Task objective> Your response is a verbatim copy of the listing, stripped of its images.

+++ Supplied records +++

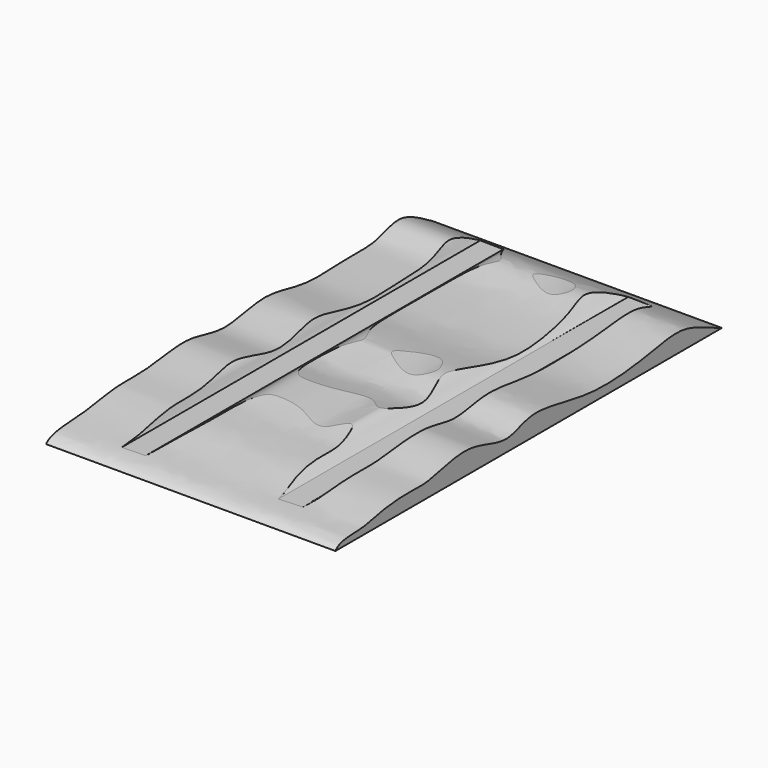
from build123d import *

# Parameters (mm, degrees)
F8_DEPTH = 206.2010001


with BuildPart() as f6:
    # F4 (on plane+point) → F6 section 0
    with BuildSketch(Plane.YZ.offset(61.75)):
        with BuildLine():
            Line((-103.1, 0), (103.1, 0))
            add(Edge.make_bspline(
                [(-103.1, 0), (-100.9122427395, 3.0077628671), (-88.9320477254, 2.1674578087), (-79.9375830942, 5.1227732359), (-64.1648905521, 6.5195980018), (-53.3351288094, 5.1288378697), (-32.0364127365, 12.6659806153), (-11.8976279776, 1.9219681319), (1.7800190529, 11.6036150432), (32.5487128992, 1.5761209838), (64.9509129805, 5.8214608578), (83.6967649592, 9.8765664291), (96.9200083349, 2.2529806795), (103.1, 0)],
                knots=[0, 0, 0, 0, 0.0775712537, 0.1470290462, 0.2285878895, 0.2995643402, 0.3975281521, 0.4936065892, 0.5729404733, 0.6906593695, 0.8127041165, 0.903754243, 1, 1, 1, 1], degree=3))
        make_face()
    # F5 (on plane+point) → F6 section 1
    with BuildSketch(Plane.YZ.offset(-61.75)):
        with BuildLine():
            Line((-103.1, 0), (103.1, 0))
            add(Edge.make_bspline(
                [(103.1, 0), (97.6939418577, 3.0688433364), (86.0835229647, 10.7763185605), (73.3931731646, 3.7067739886), (56.2353160284, 4.9215645971), (34.3821378247, 2.7288399062), (13.4519982501, 10.2069669537), (-8.3349312407, 2.5879784187), (-27.0423994972, 10.4843331765), (-48.2959652127, 5.6165498905), (-66.7498639179, 6.9726497282), (-82.8586426999, 2.9062747734), (-100.4594381736, 3.3068484577), (-103.1, 0)],
                knots=[0, 0, 0, 0, 0.0906610015, 0.1654943193, 0.2511327642, 0.3489868085, 0.4462251661, 0.5432237858, 0.6349895725, 0.7312170544, 0.8198077577, 0.9087646464, 1, 1, 1, 1], degree=3))
        make_face()
    loft()

    # F7 (on plane+point) → F8 (cut, through all)
    with BuildSketch(Plane.XZ.offset(103.1)):
        with BuildLine():
            Line((-61.75, 26.2276791036), (-61.75, 12.6142017543))
            add(Edge.make_bspline(
                [(-37, 3), (-37.9685674323, 4.1927412246), (-38.6449691785, 11.1950543754), (-53.9987916753, 8.0543119967), (-58.7080877818, 12.3875886996), (-61.75, 12.6142017543)],
                knots=[0, 0, 0, 0, 0.2736754451, 0.6693012904, 1, 1, 1, 1], degree=3))
            Line((-37, 3), (-27, 3))
            add(Edge.make_bspline(
                [(-27, 3), (-25.683950102, 3.7041694158), (-21.4001922621, 7.7696799402), (-12.6726198769, 8.0063626166), (0.2479387085, 7.8751023452), (12.079651288, 6.3463341801), (20.7085255522, 9.8282843188), (24.7019248278, 3.868789004), (27, 3)],
                knots=[0, 0, 0, 0, 0.1403791106, 0.3013484227, 0.4992568681, 0.6893819706, 0.843449848, 1, 1, 1, 1], degree=3))
            Line((27, 3), (37, 3))
            add(Edge.make_bspline(
                [(37, 3), (37.6001875911, 3.3094298489), (39.2495556594, 4.1597701757), (40.8080605464, 12.8272863702), (52.84418989, 11.7031358222), (61.5861332452, 14.0803504545), (61.75, 13.9561323449)],
                knots=[0, 0, 0, 0, 0.1406039588, 0.3863919937, 0.713664837, 0.982511832, 0.982511832, 0.982511832, 0.982511832], degree=3))
            Line((61.75, 13.9561323449), (61.75, 26.2276791036))
            Line((61.75, 26.2276791036), (-61.75, 26.2276791036))
        make_face()
    extrude(amount=-F8_DEPTH, mode=Mode.SUBTRACT)


solid = f6.part

+++

Completed exercise>
from build123d import *

# Parameters (mm, degrees)
F8_DEPTH = 206.2010001


with BuildPart() as f6:
    # F4 (on plane+point) → F6 section 0
    with BuildSketch(Plane.YZ.offset(61.75)):
        with BuildLine():
            Line((-103.1, 0), (103.1, 0))
            add(Edge.make_bspline(
                [(-103.1, 0), (-100.9122427395, 3.0077628671), (-88.9320477254, 2.1674578087), (-79.9375830942, 5.1227732359), (-64.1648905521, 6.5195980018), (-53.3351288094, 5.1288378697), (-32.0364127365, 12.6659806153), (-11.8976279776, 1.9219681319), (1.7800190529, 11.6036150432), (32.5487128992, 1.5761209838), (64.9509129805, 5.8214608578), (83.6967649592, 9.8765664291), (96.9200083349, 2.2529806795), (103.1, 0)],
                knots=[0, 0, 0, 0, 0.0775712537, 0.1470290462, 0.2285878895, 0.2995643402, 0.3975281521, 0.4936065892, 0.5729404733, 0.6906593695, 0.8127041165, 0.903754243, 1, 1, 1, 1], degree=3))
        make_face()
    # F5 (on plane+point) → F6 section 1
    with BuildSketch(Plane.YZ.offset(-61.75)):
        with BuildLine():
            Line((-103.1, 0), (103.1, 0))
            add(Edge.make_bspline(
                [(103.1, 0), (97.6939418577, 3.0688433364), (86.0835229647, 10.7763185605), (73.3931731646, 3.7067739886), (56.2353160284, 4.9215645971), (34.3821378247, 2.7288399062), (13.4519982501, 10.2069669537), (-8.3349312407, 2.5879784187), (-27.0423994972, 10.4843331765), (-48.2959652127, 5.6165498905), (-66.7498639179, 6.9726497282), (-82.8586426999, 2.9062747734), (-100.4594381736, 3.3068484577), (-103.1, 0)],
                knots=[0, 0, 0, 0, 0.0906610015, 0.1654943193, 0.2511327642, 0.3489868085, 0.4462251661, 0.5432237858, 0.6349895725, 0.7312170544, 0.8198077577, 0.9087646464, 1, 1, 1, 1], degree=3))
        make_face()
    loft()

    # F7 (on plane+point) → F8 (cut, through all)
    with BuildSketch(Plane.XZ.offset(103.1)):
        with BuildLine():
            Line((-61.75, 26.2276791036), (-61.75, 12.6142017543))
            add(Edge.make_bspline(
                [(-37, 3), (-37.9685674323, 4.1927412246), (-38.6449691785, 11.1950543754), (-53.9987916753, 8.0543119967), (-58.7080877818, 12.3875886996), (-61.75, 12.6142017543)],
                knots=[0, 0, 0, 0, 0.2736754451, 0.6693012904, 1, 1, 1, 1], degree=3))
            Line((-37, 3), (-27, 3))
            add(Edge.make_bspline(
                [(-27, 3), (-25.683950102, 3.7041694158), (-21.4001922621, 7.7696799402), (-12.6726198769, 8.0063626166), (0.2479387085, 7.8751023452), (12.079651288, 6.3463341801), (20.7085255522, 9.8282843188), (24.7019248278, 3.868789004), (27, 3)],
                knots=[0, 0, 0, 0, 0.1403791106, 0.3013484227, 0.4992568681, 0.6893819706, 0.843449848, 1, 1, 1, 1], degree=3))
            Line((27, 3), (37, 3))
            add(Edge.make_bspline(
                [(37, 3), (37.6001875911, 3.3094298489), (39.2495556594, 4.1597701757), (40.8080605464, 12.8272863702), (52.84418989, 11.7031358222), (61.5861332452, 14.0803504545), (61.75, 13.9561323449)],
                knots=[0, 0, 0, 0, 0.1406039588, 0.3863919937, 0.713664837, 0.982511832, 0.982511832, 0.982511832, 0.982511832], degree=3))
            Line((61.75, 13.9561323449), (61.75, 26.2276791036))
            Line((61.75, 26.2276791036), (-61.75, 26.2276791036))
        make_face()
    extrude(amount=-F8_DEPTH, mode=Mode.SUBTRACT)


solid = f6.part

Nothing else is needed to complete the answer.